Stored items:
# # #

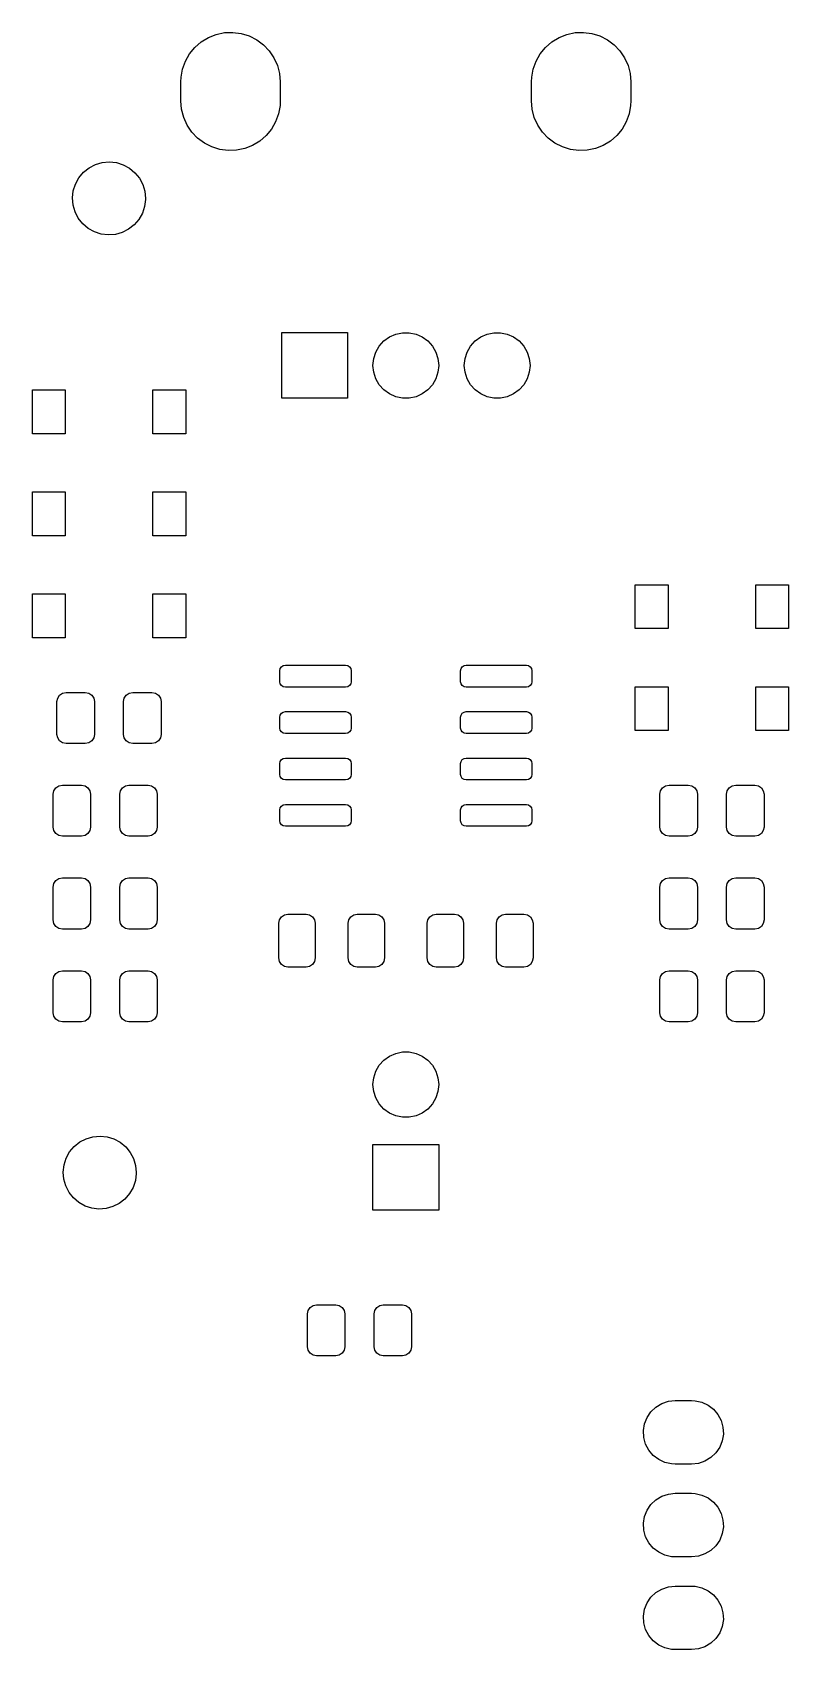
# Model space of a CAD drawing. Extents: x 91 to 114, y -226 to -44.
# Drawn here: x 91.37 to 112.08, y -88.5 to -44.22 of the extents above; entities that cross this region are included whole.
import ezdxf

# ---------------------------------------------------------------- set-up
doc = ezdxf.new("R2010")
doc.units = 0
doc.layers.add('BLACK', color=7, linetype='CONTINUOUS')

msp = doc.modelspace()

# ---------------------------------------------------------------- linework, layer by layer
at = {"layer": 'BLACK', "linetype": 'CONTINUOUS'}
for p, q in [((96.1953, -44.3618), (96.4092, -44.2774)), ((96.4092, -44.2774), (96.6343, -44.2301)), ((96.6343, -44.2301), (96.8641, -44.2215)), ((96.8641, -44.2215), (97.092, -44.2517)), ((97.092, -44.2517), (97.3117, -44.3199)), ((105.795, -44.3618), (106.009, -44.2774)), ((106.009, -44.2774), (106.234, -44.2301)), ((106.234, -44.2301), (106.464, -44.2215)), ((106.464, -44.2215), (106.692, -44.2517)), ((106.692, -44.2517), (106.912, -44.3199)), ((95.6792, -44.8097), (95.825, -44.6319)), ((95.825, -44.6319), (95.9987, -44.4811)), ((95.9987, -44.4811), (96.1953, -44.3618)), ((97.3117, -44.3199), (97.5167, -44.4241)), ((97.5167, -44.4241), (97.7012, -44.5614)), ((97.7012, -44.5614), (97.8599, -44.7278)), ((105.279, -44.8097), (105.425, -44.6319)), ((105.425, -44.6319), (105.599, -44.4811)), ((105.599, -44.4811), (105.795, -44.3618)), ((106.912, -44.3199), (107.117, -44.4241)), ((107.117, -44.4241), (107.301, -44.5614)), ((107.301, -44.5614), (107.46, -44.7278)), ((95.487, -45.2257), (95.5654, -45.0095)), ((95.5654, -45.0095), (95.6792, -44.8097)), ((97.8599, -44.7278), (97.9883, -44.9186)), ((97.9883, -44.9186), (98.0828, -45.1283)), ((98.0828, -45.1283), (98.1406, -45.3509)), ((105.087, -45.2257), (105.165, -45.0095)), ((105.165, -45.0095), (105.279, -44.8097)), ((107.46, -44.7278), (107.588, -44.9186)), ((107.588, -44.9186), (107.683, -45.1283)), ((107.683, -45.1283), (107.741, -45.3509)), ((95.44, -45.58), (95.446, -45.452)), ((95.44, -46.1), (95.44, -45.58)), ((95.446, -45.452), (95.487, -45.2257)), ((98.1406, -45.3509), (98.16, -45.58)), ((98.16, -45.58), (98.16, -46.1)), ((105.04, -45.58), (105.046, -45.452)), ((105.04, -46.1), (105.04, -45.58)), ((105.046, -45.452), (105.087, -45.2257)), ((107.741, -45.3509), (107.76, -45.58)), ((107.76, -45.58), (107.76, -46.1)), ((95.4594, -46.3291), (95.44, -46.1)), ((95.5172, -46.5517), (95.4594, -46.3291)), ((98.113, -46.4543), (98.0346, -46.6705)), ((98.154, -46.228), (98.113, -46.4543)), ((98.16, -46.1), (98.154, -46.228)), ((105.059, -46.3291), (105.04, -46.1)), ((105.117, -46.5517), (105.059, -46.3291)), ((107.713, -46.4543), (107.635, -46.6705)), ((107.754, -46.228), (107.713, -46.4543)), ((107.76, -46.1), (107.754, -46.228)), ((95.6117, -46.7614), (95.5172, -46.5517)), ((95.7401, -46.9522), (95.6117, -46.7614)), ((97.9208, -46.8703), (97.775, -47.0481)), ((98.0346, -46.6705), (97.9208, -46.8703)), ((105.212, -46.7614), (105.117, -46.5517)), ((105.34, -46.9522), (105.212, -46.7614)), ((107.521, -46.8703), (107.375, -47.0481)), ((107.635, -46.6705), (107.521, -46.8703)), ((95.8988, -47.1186), (95.7401, -46.9522)), ((96.0833, -47.2559), (95.8988, -47.1186)), ((96.2883, -47.3601), (96.0833, -47.2559)), ((96.508, -47.4283), (96.2883, -47.3601)), ((97.4047, -47.3182), (97.1908, -47.4026)), ((97.6013, -47.1989), (97.4047, -47.3182)), ((97.775, -47.0481), (97.6013, -47.1989)), ((105.499, -47.1186), (105.34, -46.9522)), ((105.683, -47.2559), (105.499, -47.1186)), ((105.888, -47.3601), (105.683, -47.2559)), ((106.108, -47.4283), (105.888, -47.3601)), ((107.005, -47.3182), (106.791, -47.4026)), ((107.201, -47.1989), (107.005, -47.3182)), ((107.375, -47.0481), (107.201, -47.1989)), ((93.0974, -47.8408), (93.2846, -47.7857)), ((93.2846, -47.7857), (93.479, -47.768)), ((93.479, -47.768), (93.6731, -47.7884)), ((93.6731, -47.7884), (93.8595, -47.8461)), ((96.7359, -47.4585), (96.508, -47.4283)), ((96.9657, -47.4499), (96.7359, -47.4585)), ((97.1908, -47.4026), (96.9657, -47.4499)), ((106.336, -47.4585), (106.108, -47.4283)), ((106.566, -47.4499), (106.336, -47.4585)), ((106.791, -47.4026), (106.566, -47.4499)), ((92.5529, -48.3741), (92.6469, -48.203)), ((92.6469, -48.203), (92.7723, -48.0535)), ((92.7723, -48.0535), (92.9244, -47.9312)), ((92.9244, -47.9312), (93.0974, -47.8408)), ((93.8595, -47.8461), (94.0312, -47.939)), ((94.0312, -47.939), (94.1816, -48.0634)), ((94.1816, -48.0634), (94.3049, -48.2146)), ((94.3049, -48.2146), (94.3965, -48.3869)), ((92.4721, -48.754), (92.4939, -48.5601)), ((92.4939, -48.5601), (92.5529, -48.3741)), ((94.3965, -48.3869), (94.453, -48.5738)), ((94.453, -48.5738), (94.472, -48.768)), ((92.4884, -48.9485), (92.4721, -48.754)), ((92.5422, -49.1361), (92.4884, -48.9485)), ((92.6314, -49.3097), (92.5422, -49.1361)), ((94.4471, -48.9895), (94.3855, -49.1747)), ((94.4716, -48.7959), (94.4471, -48.9895)), ((94.472, -48.768), (94.4716, -48.7959)), ((92.7527, -49.4627), (92.6314, -49.3097)), ((92.9013, -49.5891), (92.7527, -49.4627)), ((93.0717, -49.6844), (92.9013, -49.5891)), ((94.1616, -49.4922), (94.0078, -49.6123)), ((94.2891, -49.3444), (94.1616, -49.4922)), ((94.3855, -49.1747), (94.2891, -49.3444)), ((93.2573, -49.7447), (93.0717, -49.6844)), ((93.4511, -49.7678), (93.2573, -49.7447)), ((93.6456, -49.7528), (93.4511, -49.7678)), ((93.8336, -49.7003), (93.6456, -49.7528)), ((94.0078, -49.6123), (93.8336, -49.7003)), ((98.2, -54.24), (98.2, -52.44)), ((98.2, -52.44), (100, -52.44)), ((100, -52.44), (100, -54.24)), ((100.872, -52.811), (100.998, -52.6712)), ((100.998, -52.6712), (101.15, -52.5606)), ((101.15, -52.5606), (101.322, -52.484)), ((101.322, -52.484), (101.506, -52.4449)), ((101.506, -52.4449), (101.694, -52.4449)), ((101.694, -52.4449), (101.878, -52.484)), ((101.878, -52.484), (102.05, -52.5606)), ((102.05, -52.5606), (102.202, -52.6712)), ((102.202, -52.6712), (102.328, -52.811)), ((103.372, -52.811), (103.498, -52.6712)), ((103.498, -52.6712), (103.65, -52.5606)), ((103.65, -52.5606), (103.822, -52.484)), ((103.822, -52.484), (104.006, -52.4449)), ((104.006, -52.4449), (104.194, -52.4449)), ((104.194, -52.4449), (104.378, -52.484)), ((104.378, -52.484), (104.55, -52.5606)), ((104.55, -52.5606), (104.702, -52.6712)), ((104.702, -52.6712), (104.828, -52.811)), ((100.72, -53.1529), (100.778, -52.9739)), ((100.778, -52.9739), (100.872, -52.811)), ((102.328, -52.811), (102.422, -52.9739)), ((102.422, -52.9739), (102.48, -53.1529)), ((103.22, -53.1529), (103.278, -52.9739)), ((103.278, -52.9739), (103.372, -52.811)), ((104.828, -52.811), (104.922, -52.9739)), ((104.922, -52.9739), (104.98, -53.1529)), ((100.7, -53.34), (100.72, -53.1529)), ((100.72, -53.5271), (100.7, -53.34)), ((100.778, -53.7061), (100.72, -53.5271)), ((102.48, -53.5271), (102.422, -53.7061)), ((102.48, -53.1529), (102.5, -53.34)), ((102.5, -53.34), (102.48, -53.5271)), ((103.2, -53.34), (103.22, -53.1529)), ((103.22, -53.5271), (103.2, -53.34)), ((103.278, -53.7061), (103.22, -53.5271)), ((104.98, -53.5271), (104.922, -53.7061)), ((104.98, -53.1529), (105, -53.34)), ((105, -53.34), (104.98, -53.5271)), ((91.372, -55.21), (91.372, -54.01)), ((91.372, -54.01), (92.272, -54.01)), ((92.272, -54.01), (92.272, -55.21)), ((94.672, -55.21), (94.672, -54.01)), ((94.672, -54.01), (95.572, -54.01)), ((95.572, -54.01), (95.572, -55.21)), ((100.872, -53.869), (100.778, -53.7061)), ((100.998, -54.0088), (100.872, -53.869)), ((101.15, -54.1194), (100.998, -54.0088)), ((102.202, -54.0088), (102.05, -54.1194)), ((102.328, -53.869), (102.202, -54.0088)), ((102.422, -53.7061), (102.328, -53.869)), ((103.372, -53.869), (103.278, -53.7061)), ((103.498, -54.0088), (103.372, -53.869)), ((103.65, -54.1194), (103.498, -54.0088)), ((104.702, -54.0088), (104.55, -54.1194)), ((104.828, -53.869), (104.702, -54.0088)), ((104.922, -53.7061), (104.828, -53.869)), ((100, -54.24), (98.2, -54.24)), ((101.322, -54.196), (101.15, -54.1194)), ((101.506, -54.2351), (101.322, -54.196)), ((101.694, -54.2351), (101.506, -54.2351)), ((101.878, -54.196), (101.694, -54.2351)), ((102.05, -54.1194), (101.878, -54.196)), ((103.822, -54.196), (103.65, -54.1194)), ((104.006, -54.2351), (103.822, -54.196)), ((104.194, -54.2351), (104.006, -54.2351)), ((104.378, -54.196), (104.194, -54.2351)), ((104.55, -54.1194), (104.378, -54.196)), ((92.272, -55.21), (91.372, -55.21)), ((95.572, -55.21), (94.672, -55.21)), ((91.372, -58.004), (91.372, -56.804)), ((91.372, -56.804), (92.272, -56.804)), ((92.272, -56.804), (92.272, -58.004)), ((94.672, -58.004), (94.672, -56.804)), ((94.672, -56.804), (95.572, -56.804)), ((95.572, -56.804), (95.572, -58.004)), ((92.272, -58.004), (91.372, -58.004)), ((95.572, -58.004), (94.672, -58.004)), ((91.372, -60.798), (91.372, -59.598)), ((91.372, -59.598), (92.272, -59.598)), ((92.272, -59.598), (92.272, -60.798)), ((94.672, -60.798), (94.672, -59.598)), ((94.672, -59.598), (95.572, -59.598)), ((95.572, -59.598), (95.572, -60.798)), ((107.882, -60.544), (107.882, -59.344)), ((107.882, -59.344), (108.782, -59.344)), ((108.782, -59.344), (108.782, -60.544)), ((111.182, -60.544), (111.182, -59.344)), ((111.182, -59.344), (112.082, -59.344)), ((112.082, -59.344), (112.082, -60.544)), ((108.782, -60.544), (107.882, -60.544)), ((112.082, -60.544), (111.182, -60.544)), ((92.272, -60.798), (91.372, -60.798)), ((95.572, -60.798), (94.672, -60.798)), ((98.15, -61.699), (98.1614, -61.6416)), ((98.15, -61.999), (98.15, -61.699)), ((98.1614, -61.6416), (98.1939, -61.5929)), ((98.1939, -61.5929), (98.2426, -61.5604)), ((98.2426, -61.5604), (98.3, -61.549)), ((98.3, -61.549), (99.95, -61.549)), ((99.95, -61.549), (100.007, -61.5604)), ((100.007, -61.5604), (100.056, -61.5929)), ((100.056, -61.5929), (100.089, -61.6416)), ((100.089, -61.6416), (100.1, -61.699)), ((100.1, -61.699), (100.1, -61.999)), ((103.1, -61.699), (103.111, -61.6416)), ((103.1, -61.999), (103.1, -61.699)), ((103.111, -61.6416), (103.144, -61.5929)), ((103.144, -61.5929), (103.193, -61.5604)), ((103.193, -61.5604), (103.25, -61.549)), ((103.25, -61.549), (104.9, -61.549)), ((104.9, -61.549), (104.957, -61.5604)), ((104.957, -61.5604), (105.006, -61.5929)), ((105.006, -61.5929), (105.039, -61.6416)), ((105.039, -61.6416), (105.05, -61.699)), ((105.05, -61.699), (105.05, -61.999)), ((92.066, -62.4463), (92.1202, -62.3652)), ((92.1202, -62.3652), (92.2013, -62.311)), ((92.2013, -62.311), (92.297, -62.292)), ((92.297, -62.292), (92.822, -62.292)), ((92.822, -62.292), (92.9177, -62.311)), ((92.9177, -62.311), (92.9988, -62.3652)), ((92.9988, -62.3652), (93.053, -62.4463)), ((93.891, -62.4463), (93.9452, -62.3652)), ((93.9452, -62.3652), (94.0263, -62.311)), ((94.0263, -62.311), (94.122, -62.292)), ((94.122, -62.292), (94.647, -62.292)), ((94.647, -62.292), (94.7427, -62.311)), ((94.7427, -62.311), (94.8238, -62.3652)), ((94.8238, -62.3652), (94.878, -62.4463)), ((98.1614, -62.0564), (98.15, -61.999)), ((98.1939, -62.1051), (98.1614, -62.0564)), ((98.2426, -62.1376), (98.1939, -62.1051)), ((98.3, -62.149), (98.2426, -62.1376)), ((99.95, -62.149), (98.3, -62.149)), ((100.007, -62.1376), (99.95, -62.149)), ((100.056, -62.1051), (100.007, -62.1376)), ((100.089, -62.0564), (100.056, -62.1051)), ((100.1, -61.999), (100.089, -62.0564)), ((103.111, -62.0564), (103.1, -61.999)), ((103.144, -62.1051), (103.111, -62.0564)), ((103.193, -62.1376), (103.144, -62.1051)), ((103.25, -62.149), (103.193, -62.1376)), ((104.9, -62.149), (103.25, -62.149)), ((104.957, -62.1376), (104.9, -62.149)), ((105.006, -62.1051), (104.957, -62.1376)), ((105.039, -62.0564), (105.006, -62.1051)), ((105.05, -61.999), (105.039, -62.0564)), ((107.882, -63.338), (107.882, -62.138)), ((107.882, -62.138), (108.782, -62.138)), ((108.782, -62.138), (108.782, -63.338)), ((111.182, -63.338), (111.182, -62.138)), ((111.182, -62.138), (112.082, -62.138)), ((112.082, -62.138), (112.082, -63.338)), ((92.047, -62.542), (92.066, -62.4463)), ((92.047, -63.442), (92.047, -62.542)), ((93.053, -62.4463), (93.072, -62.542)), ((93.072, -62.542), (93.072, -63.442)), ((93.872, -62.542), (93.891, -62.4463)), ((93.872, -63.442), (93.872, -62.542)), ((94.878, -62.4463), (94.897, -62.542)), ((94.897, -62.542), (94.897, -63.442)), ((98.1614, -62.9116), (98.1939, -62.8629)), ((98.1939, -62.8629), (98.2426, -62.8304)), ((98.2426, -62.8304), (98.3, -62.819)), ((98.3, -62.819), (99.95, -62.819)), ((99.95, -62.819), (100.007, -62.8304)), ((100.007, -62.8304), (100.056, -62.8629)), ((100.056, -62.8629), (100.089, -62.9116)), ((103.111, -62.9116), (103.144, -62.8629)), ((103.144, -62.8629), (103.193, -62.8304)), ((103.193, -62.8304), (103.25, -62.819)), ((103.25, -62.819), (104.9, -62.819)), ((104.9, -62.819), (104.957, -62.8304)), ((104.957, -62.8304), (105.006, -62.8629)), ((105.006, -62.8629), (105.039, -62.9116)), ((98.15, -62.969), (98.1614, -62.9116)), ((98.15, -63.269), (98.15, -62.969)), ((98.1614, -63.3264), (98.15, -63.269)), ((100.089, -62.9116), (100.1, -62.969)), ((100.1, -63.269), (100.089, -63.3264)), ((100.1, -62.969), (100.1, -63.269)), ((103.1, -62.969), (103.111, -62.9116)), ((103.1, -63.269), (103.1, -62.969)), ((103.111, -63.3264), (103.1, -63.269)), ((105.039, -62.9116), (105.05, -62.969)), ((105.05, -63.269), (105.039, -63.3264)), ((105.05, -62.969), (105.05, -63.269)), ((92.066, -63.5377), (92.047, -63.442)), ((92.1202, -63.6188), (92.066, -63.5377)), ((92.2013, -63.673), (92.1202, -63.6188)), ((92.297, -63.692), (92.2013, -63.673)), ((92.822, -63.692), (92.297, -63.692)), ((92.9177, -63.673), (92.822, -63.692)), ((92.9988, -63.6188), (92.9177, -63.673)), ((93.053, -63.5377), (92.9988, -63.6188)), ((93.072, -63.442), (93.053, -63.5377)), ((93.891, -63.5377), (93.872, -63.442)), ((93.9452, -63.6188), (93.891, -63.5377)), ((94.0263, -63.673), (93.9452, -63.6188)), ((94.122, -63.692), (94.0263, -63.673)), ((94.647, -63.692), (94.122, -63.692)), ((94.7427, -63.673), (94.647, -63.692)), ((94.8238, -63.6188), (94.7427, -63.673)), ((94.878, -63.5377), (94.8238, -63.6188)), ((94.897, -63.442), (94.878, -63.5377)), ((98.1939, -63.3751), (98.1614, -63.3264)), ((98.2426, -63.4076), (98.1939, -63.3751)), ((98.3, -63.419), (98.2426, -63.4076)), ((99.95, -63.419), (98.3, -63.419)), ((100.007, -63.4076), (99.95, -63.419)), ((100.056, -63.3751), (100.007, -63.4076)), ((100.089, -63.3264), (100.056, -63.3751)), ((103.144, -63.3751), (103.111, -63.3264)), ((103.193, -63.4076), (103.144, -63.3751)), ((103.25, -63.419), (103.193, -63.4076)), ((104.9, -63.419), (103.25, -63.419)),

# # #

**TASK DETAILS**: For each line in the data that contains the string "linetype", give a copy of that line.

**ANSWER TO THIS EXERCISE**:
doc.layers.add('BLACK', color=7, linetype='CONTINUOUS')
at = {"layer": 'BLACK', "linetype": 'CONTINUOUS'}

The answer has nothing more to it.